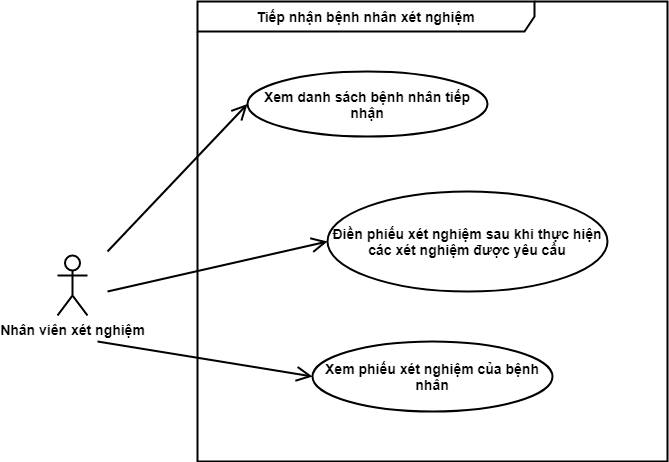

The diagram above was exported from draw.io. Its source (the exported page's mxGraphModel, read from the mxfile embedded in the PNG):
<mxGraphModel dx="1422" dy="761" grid="1" gridSize="10" guides="1" tooltips="1" connect="1" arrows="1" fold="1" page="1" pageScale="1" pageWidth="1169" pageHeight="827" math="0" shadow="0">
  <root>
    <mxCell id="0" />
    <mxCell id="1" parent="0" />
    <mxCell id="tzbROPj0E4yy2M2tfWoF-1" value="Tiếp nhận bệnh nhân xét nghiệm" style="shape=umlFrame;whiteSpace=wrap;html=1;width=337;height=30;fontSize=14;fontStyle=1;labelBackgroundColor=none;strokeWidth=2;" parent="1" vertex="1">
      <mxGeometry x="370" y="130" width="470" height="460" as="geometry" />
    </mxCell>
    <mxCell id="tzbROPj0E4yy2M2tfWoF-2" value="Nhân viên xét nghiệm" style="shape=umlActor;verticalLabelPosition=bottom;verticalAlign=top;html=1;fontSize=14;fontStyle=1;labelBackgroundColor=none;strokeWidth=2;" parent="1" vertex="1">
      <mxGeometry x="230" y="384" width="30" height="60" as="geometry" />
    </mxCell>
    <mxCell id="tzbROPj0E4yy2M2tfWoF-3" value="Xem danh sách bệnh nhân tiếp nhận" style="ellipse;whiteSpace=wrap;html=1;fontSize=14;fontStyle=1;labelBackgroundColor=none;strokeWidth=2;" parent="1" vertex="1">
      <mxGeometry x="420" y="200" width="240" height="65" as="geometry" />
    </mxCell>
    <mxCell id="tzbROPj0E4yy2M2tfWoF-4" value="Xem phiếu xét nghiệm của bệnh nhân" style="ellipse;whiteSpace=wrap;html=1;fontSize=14;fontStyle=1;labelBackgroundColor=none;strokeWidth=2;" parent="1" vertex="1">
      <mxGeometry x="485" y="470" width="240" height="70" as="geometry" />
    </mxCell>
    <mxCell id="tzbROPj0E4yy2M2tfWoF-5" value="" style="endArrow=open;endFill=1;endSize=12;html=1;entryX=0;entryY=0.5;entryDx=0;entryDy=0;fontSize=14;fontStyle=1;labelBackgroundColor=none;strokeWidth=2;" parent="1" target="tzbROPj0E4yy2M2tfWoF-3" edge="1">
      <mxGeometry width="160" relative="1" as="geometry">
        <mxPoint x="280" y="380" as="sourcePoint" />
        <mxPoint x="838" y="380" as="targetPoint" />
      </mxGeometry>
    </mxCell>
    <mxCell id="tzbROPj0E4yy2M2tfWoF-6" value="Điền phiếu xét nghiệm sau khi thực hiện các xét nghiệm được yêu cầu" style="ellipse;whiteSpace=wrap;html=1;fontSize=14;fontStyle=1;labelBackgroundColor=none;strokeWidth=2;" parent="1" vertex="1">
      <mxGeometry x="500" y="320" width="280" height="100" as="geometry" />
    </mxCell>
    <mxCell id="tzbROPj0E4yy2M2tfWoF-9" value="" style="endArrow=open;endFill=1;endSize=12;html=1;entryX=0;entryY=0.5;entryDx=0;entryDy=0;fontSize=14;fontStyle=1;labelBackgroundColor=none;strokeWidth=2;" parent="1" target="tzbROPj0E4yy2M2tfWoF-6" edge="1">
      <mxGeometry width="160" relative="1" as="geometry">
        <mxPoint x="280" y="420" as="sourcePoint" />
        <mxPoint x="420" y="315" as="targetPoint" />
      </mxGeometry>
    </mxCell>
    <mxCell id="tzbROPj0E4yy2M2tfWoF-10" value="" style="endArrow=open;endFill=1;endSize=12;html=1;entryX=0;entryY=0.5;entryDx=0;entryDy=0;fontSize=14;fontStyle=1;labelBackgroundColor=none;strokeWidth=2;" parent="1" target="tzbROPj0E4yy2M2tfWoF-4" edge="1">
      <mxGeometry width="160" relative="1" as="geometry">
        <mxPoint x="270" y="470" as="sourcePoint" />
        <mxPoint x="394" y="435" as="targetPoint" />
      </mxGeometry>
    </mxCell>
  </root>
</mxGraphModel>

#####

Task brief
How many of the lines above contain "targetPoint"? Give the number by itself.

Response to the task
3